As per Bacon, single life is best suited to the members of the clergy as in absence of any personal commitments, they are able to serve the society with utmost dedication and commitment. As regards the men of justice- the judges and magistrates, marriage does not make much of a difference in their duties. They can choose to remain indifferent on this because if they themselves are corrupt and immoral, and lack sincerity towards their work, they are no less than an unmarried man. They should display honesty and responsibility in their dealings, regardless of their marital status. Even marriage cannot instil responsibility in such callous men. Bacon further comments that marriage, and family, prove to be a source of inspiration for the soldiers, who are often made to think of the safety of their wife and children as they fight battles. Marriage provides these soldiers an emotional support system that motivates them and gives them courage. This is why Bacon believes that the aversion of Turks towards marriage is the reason behind the barbarism of their soldiers.

Elaborating further on this, Bacon asserts that marriage is important to instil a sense of discipline among men and keep in check the wild, animalistic tendencies of their nature and impede their ruthlessness. Single men have the capacity to be more charitable since no one is dependent upon them, allowing them to engage in the welfare of others without any worry of providing for their wife and children. But despite this, they prove to be quite unsympathetic and ruthless in their behaviour, their kindness and empathy seldom being invoked in the absence of family to bring out their emotional and moral side. Thus, men who display sincerity and always abide by traditions make very loving husbands as can be seen in the case of Ulysses, the Greek hero who chose his wife over perpetuity.

Adding to this thought, he says that women often pride themselves on their chastity and are more likely to maintain this purity and obedience towards the relation of marriage if their husband too showers her with care and affection and refrains from any kind of jealousy. A wife serves many roles in a man’s life- in his youth she acts as his beloved, the object of his ardours, during his middle age she accompanies him as a faithful companion and in his old age looks after his wellbeing like a devoted nurse. Thus, women, and marriage, complete the life of men, providing for them at every stage of their life. Therefore, men should not shy from marriage but rather welcome it by choice. Bacon however agrees that it is a daunting task to determine the correct age to get married and sees this as a very difficult question to answer. He nevertheless attempts to answer it by quoting a wise man who said that while a young man should not rush to marry, the old men should refrain from marrying at all, suggesting perhaps that one should keep in consideration all the pros and cons of marriage before making his decision. Bacon further remarks that it is seen that men who have very good wives, are often quite cruel themselves. They fail to appreciate the generosity of their wives and do not value their commitment to them. Owing to this insensitivity displayed by them, the wives start to value even the meanest of their efforts. They find satisfaction with whatever small bit of love they show and take pride in their forbearance of their husband’s bad behaviour. Having said that, Bacon states that if they were to be given the freedom of choice, these men would surely try to make amends and mend their ways. While Bacon shares the gender bias of his era, he also seems to be aware of  the unequal power relations between men and women of his age.

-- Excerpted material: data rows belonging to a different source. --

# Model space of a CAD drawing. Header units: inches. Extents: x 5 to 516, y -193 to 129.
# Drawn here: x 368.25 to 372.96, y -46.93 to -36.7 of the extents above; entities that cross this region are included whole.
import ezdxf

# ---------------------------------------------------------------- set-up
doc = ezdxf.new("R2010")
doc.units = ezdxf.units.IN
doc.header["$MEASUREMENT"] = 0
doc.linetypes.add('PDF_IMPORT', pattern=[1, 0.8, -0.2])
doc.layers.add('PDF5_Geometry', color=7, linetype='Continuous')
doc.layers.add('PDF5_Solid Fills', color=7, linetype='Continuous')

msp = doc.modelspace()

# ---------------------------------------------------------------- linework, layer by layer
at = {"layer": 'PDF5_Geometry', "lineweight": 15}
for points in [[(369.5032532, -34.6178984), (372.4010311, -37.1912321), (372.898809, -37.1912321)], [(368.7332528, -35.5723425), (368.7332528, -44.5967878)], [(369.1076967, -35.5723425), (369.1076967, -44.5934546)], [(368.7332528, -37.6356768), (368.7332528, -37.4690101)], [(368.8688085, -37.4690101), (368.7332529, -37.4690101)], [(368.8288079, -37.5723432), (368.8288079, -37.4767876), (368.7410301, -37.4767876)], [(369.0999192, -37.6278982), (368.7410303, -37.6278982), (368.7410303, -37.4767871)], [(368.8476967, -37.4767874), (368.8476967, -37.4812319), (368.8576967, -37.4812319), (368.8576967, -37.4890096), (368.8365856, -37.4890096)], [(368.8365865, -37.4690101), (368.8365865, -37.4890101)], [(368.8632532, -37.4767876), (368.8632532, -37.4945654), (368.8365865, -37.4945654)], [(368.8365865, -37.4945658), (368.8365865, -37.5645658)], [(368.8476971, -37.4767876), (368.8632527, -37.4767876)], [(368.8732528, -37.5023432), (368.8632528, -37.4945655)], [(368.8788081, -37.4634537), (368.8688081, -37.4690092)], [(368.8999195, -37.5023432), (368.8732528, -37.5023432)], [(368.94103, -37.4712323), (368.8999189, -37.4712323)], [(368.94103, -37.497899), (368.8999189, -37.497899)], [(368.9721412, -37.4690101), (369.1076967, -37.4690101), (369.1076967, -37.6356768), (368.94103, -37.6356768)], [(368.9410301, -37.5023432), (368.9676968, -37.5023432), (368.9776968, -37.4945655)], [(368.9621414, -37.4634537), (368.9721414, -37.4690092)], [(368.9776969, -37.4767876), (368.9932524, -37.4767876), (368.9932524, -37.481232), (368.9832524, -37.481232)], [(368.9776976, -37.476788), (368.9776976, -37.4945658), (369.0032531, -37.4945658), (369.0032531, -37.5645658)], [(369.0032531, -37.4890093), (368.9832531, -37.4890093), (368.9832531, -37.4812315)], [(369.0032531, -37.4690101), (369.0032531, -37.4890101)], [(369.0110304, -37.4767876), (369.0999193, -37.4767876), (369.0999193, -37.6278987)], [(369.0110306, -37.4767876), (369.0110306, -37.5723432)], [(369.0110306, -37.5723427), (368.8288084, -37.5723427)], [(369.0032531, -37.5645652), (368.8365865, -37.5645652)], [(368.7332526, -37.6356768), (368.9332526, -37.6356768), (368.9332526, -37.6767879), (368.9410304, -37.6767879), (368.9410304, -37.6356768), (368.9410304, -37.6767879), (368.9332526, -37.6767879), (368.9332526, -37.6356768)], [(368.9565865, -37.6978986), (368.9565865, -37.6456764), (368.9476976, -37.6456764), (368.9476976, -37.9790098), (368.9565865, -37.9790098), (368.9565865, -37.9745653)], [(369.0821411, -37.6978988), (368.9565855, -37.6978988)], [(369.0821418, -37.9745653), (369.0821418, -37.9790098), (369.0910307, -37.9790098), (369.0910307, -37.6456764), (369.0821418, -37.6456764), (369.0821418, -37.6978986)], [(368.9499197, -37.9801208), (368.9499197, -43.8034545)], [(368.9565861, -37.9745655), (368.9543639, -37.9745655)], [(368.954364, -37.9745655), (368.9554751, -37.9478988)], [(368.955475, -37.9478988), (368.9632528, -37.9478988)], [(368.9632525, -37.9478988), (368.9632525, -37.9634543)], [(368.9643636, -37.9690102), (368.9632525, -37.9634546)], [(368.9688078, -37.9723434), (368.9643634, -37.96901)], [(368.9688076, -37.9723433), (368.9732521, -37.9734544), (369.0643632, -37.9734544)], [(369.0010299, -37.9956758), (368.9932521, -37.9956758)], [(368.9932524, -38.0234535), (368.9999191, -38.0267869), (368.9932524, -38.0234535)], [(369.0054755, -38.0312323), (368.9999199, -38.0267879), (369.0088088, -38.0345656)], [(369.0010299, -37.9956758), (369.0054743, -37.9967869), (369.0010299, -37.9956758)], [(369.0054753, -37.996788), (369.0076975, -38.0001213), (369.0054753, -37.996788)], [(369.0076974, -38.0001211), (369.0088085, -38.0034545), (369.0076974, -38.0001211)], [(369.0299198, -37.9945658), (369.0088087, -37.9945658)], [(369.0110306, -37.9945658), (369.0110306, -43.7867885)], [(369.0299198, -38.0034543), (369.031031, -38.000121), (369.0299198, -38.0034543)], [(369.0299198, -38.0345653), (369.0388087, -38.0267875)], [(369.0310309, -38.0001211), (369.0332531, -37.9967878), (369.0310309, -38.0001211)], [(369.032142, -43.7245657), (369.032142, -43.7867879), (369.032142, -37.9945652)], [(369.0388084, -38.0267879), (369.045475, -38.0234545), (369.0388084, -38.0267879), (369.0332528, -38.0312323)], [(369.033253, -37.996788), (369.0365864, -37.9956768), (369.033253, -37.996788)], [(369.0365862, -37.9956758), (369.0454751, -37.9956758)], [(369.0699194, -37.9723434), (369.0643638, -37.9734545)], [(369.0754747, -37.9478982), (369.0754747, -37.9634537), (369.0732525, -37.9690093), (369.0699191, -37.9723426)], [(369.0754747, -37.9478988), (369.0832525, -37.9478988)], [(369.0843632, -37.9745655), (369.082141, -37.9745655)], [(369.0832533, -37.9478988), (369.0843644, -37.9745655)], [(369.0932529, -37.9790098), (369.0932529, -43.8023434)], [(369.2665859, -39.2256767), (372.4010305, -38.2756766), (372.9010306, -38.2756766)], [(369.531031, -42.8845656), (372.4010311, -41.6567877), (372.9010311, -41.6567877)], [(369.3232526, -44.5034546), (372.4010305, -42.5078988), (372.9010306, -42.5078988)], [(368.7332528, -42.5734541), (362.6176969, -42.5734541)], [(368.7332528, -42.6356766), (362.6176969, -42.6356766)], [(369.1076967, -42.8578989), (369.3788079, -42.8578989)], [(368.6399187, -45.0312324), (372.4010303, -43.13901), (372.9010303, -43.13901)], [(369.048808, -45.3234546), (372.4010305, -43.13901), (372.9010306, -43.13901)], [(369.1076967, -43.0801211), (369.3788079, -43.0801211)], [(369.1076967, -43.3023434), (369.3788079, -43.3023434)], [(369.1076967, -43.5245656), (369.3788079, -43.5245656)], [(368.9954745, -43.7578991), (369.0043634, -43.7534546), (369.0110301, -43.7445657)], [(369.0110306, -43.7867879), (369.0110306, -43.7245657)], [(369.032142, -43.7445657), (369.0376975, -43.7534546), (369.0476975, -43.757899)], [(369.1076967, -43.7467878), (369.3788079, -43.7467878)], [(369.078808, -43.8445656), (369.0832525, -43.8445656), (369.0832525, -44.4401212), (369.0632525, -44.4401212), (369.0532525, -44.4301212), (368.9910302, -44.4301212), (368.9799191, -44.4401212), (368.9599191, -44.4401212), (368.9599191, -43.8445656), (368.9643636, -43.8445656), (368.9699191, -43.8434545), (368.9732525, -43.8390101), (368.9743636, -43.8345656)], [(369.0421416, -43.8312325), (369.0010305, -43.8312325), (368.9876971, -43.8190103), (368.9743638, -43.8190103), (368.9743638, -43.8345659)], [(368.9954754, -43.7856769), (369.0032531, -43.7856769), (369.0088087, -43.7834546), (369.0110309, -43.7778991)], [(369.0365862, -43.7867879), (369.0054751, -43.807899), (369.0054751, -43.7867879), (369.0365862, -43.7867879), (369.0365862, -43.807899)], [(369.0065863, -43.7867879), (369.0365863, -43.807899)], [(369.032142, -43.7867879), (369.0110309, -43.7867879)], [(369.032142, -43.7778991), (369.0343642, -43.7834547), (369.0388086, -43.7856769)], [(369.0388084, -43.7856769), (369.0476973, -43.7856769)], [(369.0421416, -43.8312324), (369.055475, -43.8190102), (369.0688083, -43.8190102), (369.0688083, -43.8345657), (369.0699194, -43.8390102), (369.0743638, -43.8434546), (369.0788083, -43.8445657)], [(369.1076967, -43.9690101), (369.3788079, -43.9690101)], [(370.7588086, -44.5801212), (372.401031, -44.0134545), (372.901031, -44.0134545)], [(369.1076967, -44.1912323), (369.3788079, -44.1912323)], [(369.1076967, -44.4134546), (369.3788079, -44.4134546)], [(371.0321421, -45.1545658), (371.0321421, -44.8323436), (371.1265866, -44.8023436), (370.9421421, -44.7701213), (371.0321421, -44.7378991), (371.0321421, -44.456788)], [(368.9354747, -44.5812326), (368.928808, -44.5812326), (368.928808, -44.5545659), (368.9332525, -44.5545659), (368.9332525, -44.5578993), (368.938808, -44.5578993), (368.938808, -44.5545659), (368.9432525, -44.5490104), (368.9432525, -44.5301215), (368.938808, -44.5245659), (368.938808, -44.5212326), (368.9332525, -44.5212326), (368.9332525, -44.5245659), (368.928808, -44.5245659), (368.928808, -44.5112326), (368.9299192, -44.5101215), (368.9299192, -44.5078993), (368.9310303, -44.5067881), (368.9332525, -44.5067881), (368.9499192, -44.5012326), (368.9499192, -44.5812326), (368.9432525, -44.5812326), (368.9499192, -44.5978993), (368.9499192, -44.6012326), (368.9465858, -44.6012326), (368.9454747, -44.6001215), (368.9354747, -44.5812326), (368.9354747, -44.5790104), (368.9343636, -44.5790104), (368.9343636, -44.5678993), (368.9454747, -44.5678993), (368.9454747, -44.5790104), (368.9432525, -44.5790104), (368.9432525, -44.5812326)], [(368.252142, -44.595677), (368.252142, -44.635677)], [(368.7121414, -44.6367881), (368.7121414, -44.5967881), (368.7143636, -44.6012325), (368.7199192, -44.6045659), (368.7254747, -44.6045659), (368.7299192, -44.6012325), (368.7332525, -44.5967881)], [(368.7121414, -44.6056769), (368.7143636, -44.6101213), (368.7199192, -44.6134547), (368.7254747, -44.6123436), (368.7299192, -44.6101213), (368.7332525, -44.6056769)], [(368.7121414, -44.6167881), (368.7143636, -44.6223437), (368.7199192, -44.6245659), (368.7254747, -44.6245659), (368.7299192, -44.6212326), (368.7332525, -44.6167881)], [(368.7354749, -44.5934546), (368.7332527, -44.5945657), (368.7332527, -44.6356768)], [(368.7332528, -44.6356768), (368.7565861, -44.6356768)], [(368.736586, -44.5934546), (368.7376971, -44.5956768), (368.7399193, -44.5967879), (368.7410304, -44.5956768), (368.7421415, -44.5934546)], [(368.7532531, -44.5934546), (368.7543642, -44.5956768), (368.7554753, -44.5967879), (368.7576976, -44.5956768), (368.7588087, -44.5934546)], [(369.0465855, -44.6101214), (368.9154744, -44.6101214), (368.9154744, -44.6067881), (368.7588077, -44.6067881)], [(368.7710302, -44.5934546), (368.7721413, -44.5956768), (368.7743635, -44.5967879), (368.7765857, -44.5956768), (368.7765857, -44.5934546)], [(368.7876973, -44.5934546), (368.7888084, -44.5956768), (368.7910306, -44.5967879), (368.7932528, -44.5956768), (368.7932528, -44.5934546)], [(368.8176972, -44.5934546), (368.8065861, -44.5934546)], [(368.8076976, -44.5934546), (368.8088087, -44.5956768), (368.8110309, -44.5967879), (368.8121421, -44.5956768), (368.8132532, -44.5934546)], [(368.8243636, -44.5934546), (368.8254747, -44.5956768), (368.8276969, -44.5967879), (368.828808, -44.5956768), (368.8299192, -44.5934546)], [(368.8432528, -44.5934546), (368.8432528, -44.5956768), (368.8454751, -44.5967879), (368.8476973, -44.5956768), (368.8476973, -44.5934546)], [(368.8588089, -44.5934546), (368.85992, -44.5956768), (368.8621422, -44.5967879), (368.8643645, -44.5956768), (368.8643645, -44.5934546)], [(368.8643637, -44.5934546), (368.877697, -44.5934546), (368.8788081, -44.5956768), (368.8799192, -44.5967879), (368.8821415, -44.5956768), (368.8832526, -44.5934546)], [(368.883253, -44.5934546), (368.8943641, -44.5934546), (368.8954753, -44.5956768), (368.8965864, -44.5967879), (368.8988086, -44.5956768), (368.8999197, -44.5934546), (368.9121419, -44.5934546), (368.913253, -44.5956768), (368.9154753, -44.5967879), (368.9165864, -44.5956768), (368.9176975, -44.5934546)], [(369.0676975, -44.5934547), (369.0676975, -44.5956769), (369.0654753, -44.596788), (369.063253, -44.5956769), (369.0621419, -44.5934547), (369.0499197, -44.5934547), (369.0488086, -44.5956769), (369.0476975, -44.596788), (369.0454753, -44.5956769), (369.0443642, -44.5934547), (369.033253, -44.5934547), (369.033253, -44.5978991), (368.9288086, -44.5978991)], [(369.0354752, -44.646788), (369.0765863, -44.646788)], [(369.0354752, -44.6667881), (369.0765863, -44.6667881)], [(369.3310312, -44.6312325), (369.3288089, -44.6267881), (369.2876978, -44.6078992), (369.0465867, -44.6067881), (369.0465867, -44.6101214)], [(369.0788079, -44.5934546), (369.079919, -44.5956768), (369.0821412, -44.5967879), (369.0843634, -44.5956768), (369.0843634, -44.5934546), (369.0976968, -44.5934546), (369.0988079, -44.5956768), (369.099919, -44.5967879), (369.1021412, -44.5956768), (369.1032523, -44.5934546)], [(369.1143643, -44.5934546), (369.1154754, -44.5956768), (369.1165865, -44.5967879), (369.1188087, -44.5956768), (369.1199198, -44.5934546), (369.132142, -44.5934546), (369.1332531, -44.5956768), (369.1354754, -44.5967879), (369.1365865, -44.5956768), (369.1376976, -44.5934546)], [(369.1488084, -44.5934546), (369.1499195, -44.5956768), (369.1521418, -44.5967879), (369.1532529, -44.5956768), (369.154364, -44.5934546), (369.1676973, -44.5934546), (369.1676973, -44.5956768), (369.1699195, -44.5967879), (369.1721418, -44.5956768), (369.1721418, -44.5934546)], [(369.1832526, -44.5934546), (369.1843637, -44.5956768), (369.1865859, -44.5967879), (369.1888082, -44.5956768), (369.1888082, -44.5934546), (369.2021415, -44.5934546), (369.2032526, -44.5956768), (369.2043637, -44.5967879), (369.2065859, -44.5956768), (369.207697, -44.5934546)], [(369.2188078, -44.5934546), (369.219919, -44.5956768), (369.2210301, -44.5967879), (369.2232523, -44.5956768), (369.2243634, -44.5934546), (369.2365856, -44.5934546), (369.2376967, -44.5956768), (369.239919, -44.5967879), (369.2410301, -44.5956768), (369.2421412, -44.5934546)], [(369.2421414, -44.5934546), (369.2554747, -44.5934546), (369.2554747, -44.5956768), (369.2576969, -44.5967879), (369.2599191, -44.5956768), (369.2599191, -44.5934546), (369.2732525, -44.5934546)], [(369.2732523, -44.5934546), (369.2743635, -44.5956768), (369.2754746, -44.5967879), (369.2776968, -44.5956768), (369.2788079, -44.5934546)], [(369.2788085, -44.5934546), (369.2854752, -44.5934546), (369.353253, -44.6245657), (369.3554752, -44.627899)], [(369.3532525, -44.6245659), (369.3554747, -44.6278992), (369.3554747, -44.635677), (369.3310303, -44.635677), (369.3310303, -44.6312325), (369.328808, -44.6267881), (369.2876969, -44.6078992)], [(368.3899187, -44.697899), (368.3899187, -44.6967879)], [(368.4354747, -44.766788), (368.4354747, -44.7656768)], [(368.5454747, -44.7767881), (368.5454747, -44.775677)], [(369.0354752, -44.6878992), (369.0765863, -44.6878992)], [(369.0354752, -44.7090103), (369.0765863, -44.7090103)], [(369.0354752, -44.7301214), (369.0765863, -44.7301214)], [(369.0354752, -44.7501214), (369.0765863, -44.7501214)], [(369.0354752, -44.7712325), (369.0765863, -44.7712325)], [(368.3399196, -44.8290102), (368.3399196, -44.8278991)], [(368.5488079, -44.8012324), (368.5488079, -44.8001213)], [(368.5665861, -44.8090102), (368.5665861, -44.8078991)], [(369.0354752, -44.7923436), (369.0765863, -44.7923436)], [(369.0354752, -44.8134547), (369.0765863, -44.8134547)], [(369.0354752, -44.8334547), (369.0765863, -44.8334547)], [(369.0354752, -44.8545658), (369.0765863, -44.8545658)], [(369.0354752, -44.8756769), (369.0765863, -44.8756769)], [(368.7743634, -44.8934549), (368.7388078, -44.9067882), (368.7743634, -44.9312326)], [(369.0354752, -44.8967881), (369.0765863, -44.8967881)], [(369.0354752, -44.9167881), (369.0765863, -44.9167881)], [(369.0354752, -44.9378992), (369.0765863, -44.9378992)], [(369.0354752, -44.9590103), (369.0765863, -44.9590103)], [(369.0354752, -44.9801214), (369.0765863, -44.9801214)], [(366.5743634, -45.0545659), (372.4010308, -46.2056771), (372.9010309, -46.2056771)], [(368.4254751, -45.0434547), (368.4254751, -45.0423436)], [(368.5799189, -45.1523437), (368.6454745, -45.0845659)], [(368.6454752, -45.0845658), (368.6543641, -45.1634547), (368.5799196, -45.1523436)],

Overall, Bacon has very beautifully put forth his opinions on marriage, citing its pros and cons, and has succeeded in establishing a juxtaposition between married and single life. The language used is very sophisticated and all the thoughts expressed in this prose have been supported with adequate arguments and reasoning, as is characteristic of Bacon’s style. Covering all the facets of the topic, he presents a well-balanced and holistic view on it.